确定 CMS 模型中的候选变量的变化是否会改进预测急性心肌梗死 (AMI)、心力衰竭 (HF) 和肺炎患者住院 30 天内总支付的风险模型。
设计、环境和参与者:本比较效果研究使用了 2013 年 7 月 1 日至 2015 年 9 月 30 日期间在急症护理医院进行的 AMI、HF 和肺炎的医疗保险费用支付服务住院患者的数据。包括了多个护理环境、服务和用品的支付情况,并进行了地理和政策差异调整、通货膨胀调整和上限调整。使用了相同的数据源,但候选变量及其选择有所不同,并且比较了 CMS 用于公共报告的方法,该方法使用了分组代码,以及使用 POA 代码和单一诊断代码的变体。测试了使用 POA 代码、将索引入院诊断与前 12 个月的诊断分开以及使用个别国际疾病分类、第九修订版、临床修正版代码而不是分组诊断类别等组合。数据分析于 2017 年 12 月 4 日至 2019 年 6 月 10 日进行。

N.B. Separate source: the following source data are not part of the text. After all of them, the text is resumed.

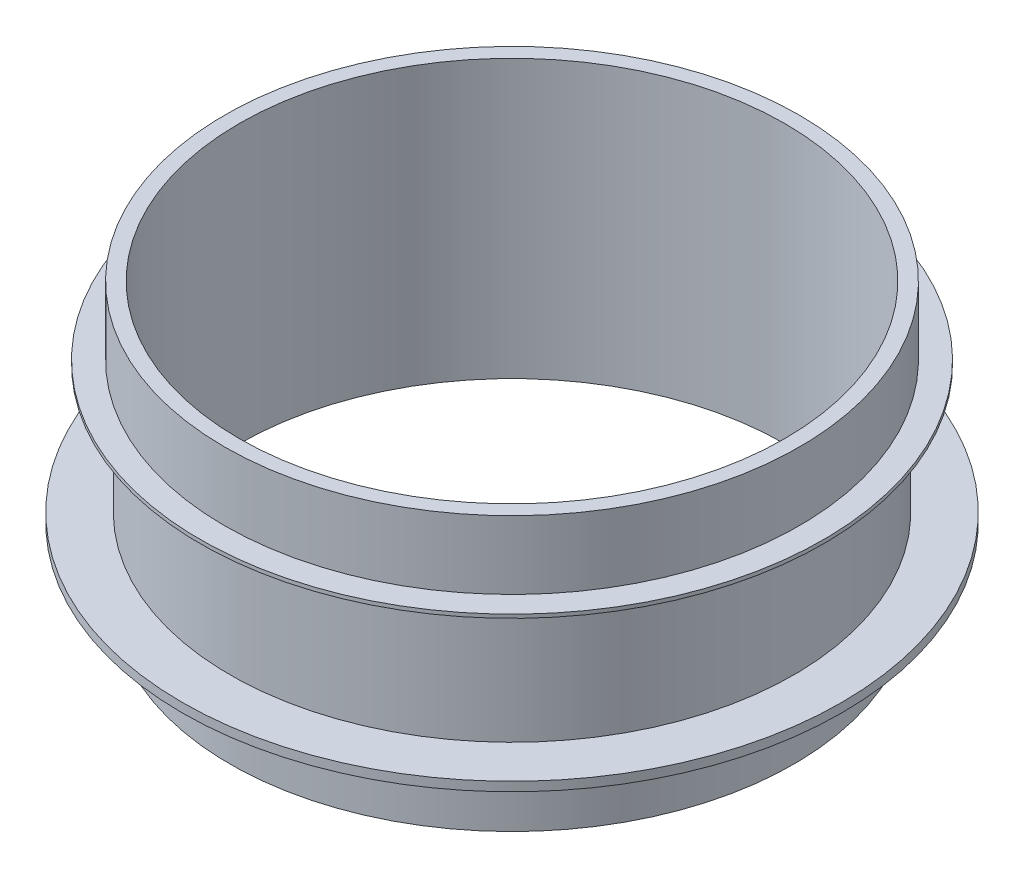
ISO-10303-21;
HEADER;
FILE_DESCRIPTION(('STEP AP214'),'2;1');
FILE_NAME('part.step','',(''),(''),'','','');
FILE_SCHEMA(('AUTOMOTIVE_DESIGN { 1 0 10303 214 1 1 1 1 }'));
ENDSEC;
DATA;
#1=APPLICATION_CONTEXT('core data for automotive mechanical design processes');
#2=APPLICATION_PROTOCOL_DEFINITION('international standard','automotive_design',2000,#1);
#3=PRODUCT_CONTEXT('',#1,'mechanical');
#4=PRODUCT('Part','Part','',(#3));
#5=PRODUCT_RELATED_PRODUCT_CATEGORY('part','',(#4));
#6=PRODUCT_DEFINITION_FORMATION('','',#4);
#7=PRODUCT_DEFINITION_CONTEXT('part definition',#1,'design');
#8=PRODUCT_DEFINITION('design','',#6,#7);
#9=PRODUCT_DEFINITION_SHAPE('','',#8);
#10=(LENGTH_UNIT() NAMED_UNIT(*) SI_UNIT(.MILLI.,.METRE.));
#11=(NAMED_UNIT(*) PLANE_ANGLE_UNIT() SI_UNIT($,.RADIAN.));
#12=(NAMED_UNIT(*) SI_UNIT($,.STERADIAN.) SOLID_ANGLE_UNIT());
#13=UNCERTAINTY_MEASURE_WITH_UNIT(LENGTH_MEASURE(1.E-05),#10,'distance_accuracy_value','');
#14=(GEOMETRIC_REPRESENTATION_CONTEXT(3) GLOBAL_UNCERTAINTY_ASSIGNED_CONTEXT((#13)) GLOBAL_UNIT_ASSIGNED_CONTEXT((#10,
#11,#12)) REPRESENTATION_CONTEXT('',''));
#15=CARTESIAN_POINT('',(0.,0.,0.));
#16=DIRECTION('',(0.,0.,1.));
#17=DIRECTION('',(1.,0.,0.));
#18=AXIS2_PLACEMENT_3D('',#15,#16,#17);
#19=CARTESIAN_POINT('',(0.,45.2,0.));
#20=DIRECTION('',(0.,-1.,0.));
#21=DIRECTION('',(0.,0.,-1.));
#22=AXIS2_PLACEMENT_3D('',#19,#20,#21);
#23=PLANE('',#22);
#24=CARTESIAN_POINT('',(0.,45.2,0.));
#25=DIRECTION('',(0.,-1.,0.));
#26=DIRECTION('',(0.,0.,-1.));
#27=AXIS2_PLACEMENT_3D('',#24,#25,#26);
#28=CIRCLE('',#27,68.5);
#29=CARTESIAN_POINT('',(0.,45.2,-68.5));
#30=VERTEX_POINT('',#29);
#31=EDGE_CURVE('E11',#30,#30,#28,.T.);
#32=ORIENTED_EDGE('',*,*,#31,.T.);
#33=EDGE_LOOP('',(#32));
#34=FACE_BOUND('',#33,.T.);
#35=CARTESIAN_POINT('',(0.,45.2,0.));
#36=DIRECTION('',(0.,-1.,0.));
#37=DIRECTION('',(0.,0.,-1.));
#38=AXIS2_PLACEMENT_3D('',#35,#36,#37);
#39=CIRCLE('',#38,63.2);
#40=CARTESIAN_POINT('',(0.,45.2,-63.2));
#41=VERTEX_POINT('',#40);
#42=EDGE_CURVE('E49',#41,#41,#39,.T.);
#43=ORIENTED_EDGE('',*,*,#42,.F.);
#44=EDGE_LOOP('',(#43));
#45=FACE_BOUND('',#44,.T.);
#46=ADVANCED_FACE('F38',(#34,#45),#23,.T.);
#47=CARTESIAN_POINT('',(0.,46.,0.));
#48=DIRECTION('',(0.,-1.,0.));
#49=DIRECTION('',(0.,0.,-1.));
#50=AXIS2_PLACEMENT_3D('',#47,#48,#49);
#51=PLANE('',#50);
#52=CARTESIAN_POINT('',(0.,46.,0.));
#53=DIRECTION('',(0.,-1.,0.));
#54=DIRECTION('',(0.,0.,-1.));
#55=AXIS2_PLACEMENT_3D('',#52,#53,#54);
#56=CIRCLE('',#55,68.5);
#57=CARTESIAN_POINT('',(0.,46.,-68.5));
#58=VERTEX_POINT('',#57);
#59=EDGE_CURVE('E45',#58,#58,#56,.T.);
#60=ORIENTED_EDGE('',*,*,#59,.F.);
#61=EDGE_LOOP('',(#60));
#62=FACE_BOUND('',#61,.T.);
#63=CARTESIAN_POINT('',(0.,46.,0.));
#64=DIRECTION('',(0.,-1.,0.));
#65=DIRECTION('',(0.,0.,-1.));
#66=AXIS2_PLACEMENT_3D('',#63,#64,#65);
#67=CIRCLE('',#66,63.2);
#68=CARTESIAN_POINT('',(0.,46.,-63.2));
#69=VERTEX_POINT('',#68);
#70=EDGE_CURVE('E53',#69,#69,#67,.T.);
#71=ORIENTED_EDGE('',*,*,#70,.T.);
#72=EDGE_LOOP('',(#71));
#73=FACE_BOUND('',#72,.T.);
#74=ADVANCED_FACE('F59',(#62,#73),#51,.F.);
#75=CARTESIAN_POINT('',(0.,45.2,0.));
#76=DIRECTION('',(0.,1.,0.));
#77=DIRECTION('',(0.,0.,1.));
#78=AXIS2_PLACEMENT_3D('',#75,#76,#77);
#79=CYLINDRICAL_SURFACE('',#78,68.5);
#80=ORIENTED_EDGE('',*,*,#31,.F.);
#81=EDGE_LOOP('',(#80));
#82=FACE_BOUND('',#81,.T.);
#83=ORIENTED_EDGE('',*,*,#59,.T.);
#84=EDGE_LOOP('',(#83));
#85=FACE_BOUND('',#84,.T.);
#86=ADVANCED_FACE('F40',(#82,#85),#79,.T.);
#87=CARTESIAN_POINT('',(0.,45.2,0.));
#88=DIRECTION('',(0.,1.,0.));
#89=DIRECTION('',(0.,0.,1.));
#90=AXIS2_PLACEMENT_3D('',#87,#88,#89);
#91=CYLINDRICAL_SURFACE('',#90,63.2);
#92=ORIENTED_EDGE('',*,*,#42,.T.);
#93=EDGE_LOOP('',(#92));
#94=FACE_BOUND('',#93,.T.);
#95=ORIENTED_EDGE('',*,*,#70,.F.);
#96=EDGE_LOOP('',(#95));
#97=FACE_BOUND('',#96,.T.);
#98=ADVANCED_FACE('F61',(#94,#97),#91,.F.);
#99=CLOSED_SHELL('',(#46,#74,#86,#98));
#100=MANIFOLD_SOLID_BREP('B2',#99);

使用均方根误差 (RMSE) 和麦克法登伪 R2 比较模型的拟合优度。
在研究参与者的 1943049 例总住院治疗中,343116 例为 AMI(52.5%为男性;37.4%年龄≤74 岁),677044 例为 HF(45.5%为男性;25.9%年龄≤74 岁),922889 例为肺炎(46.4%为男性;28.2%年龄≤74 岁)。AMI 的 30 天平均(SD)支付为$23103($18221),HF 为$16365($12527),肺炎为$17097($12087)。每个增量模型的变化都提高了伪 R2 和 RMSE。纳入所有 3 项变化后,AMI 患者水平模型的伪 R2 从 0.077 提高到 0.129,HF 从 0.042 提高到 0.129,肺炎从 0.114 提高到 0.237。所有 3 种情况的 RMSE 都得到了平行改善。
利用 POA 代码、将索引诊断与既往诊断分开以及使用单一诊断代码,改进了支付模型。更好的模型可能会提高研究、基准测试、公共报告以及基于人群的计划的计算能力。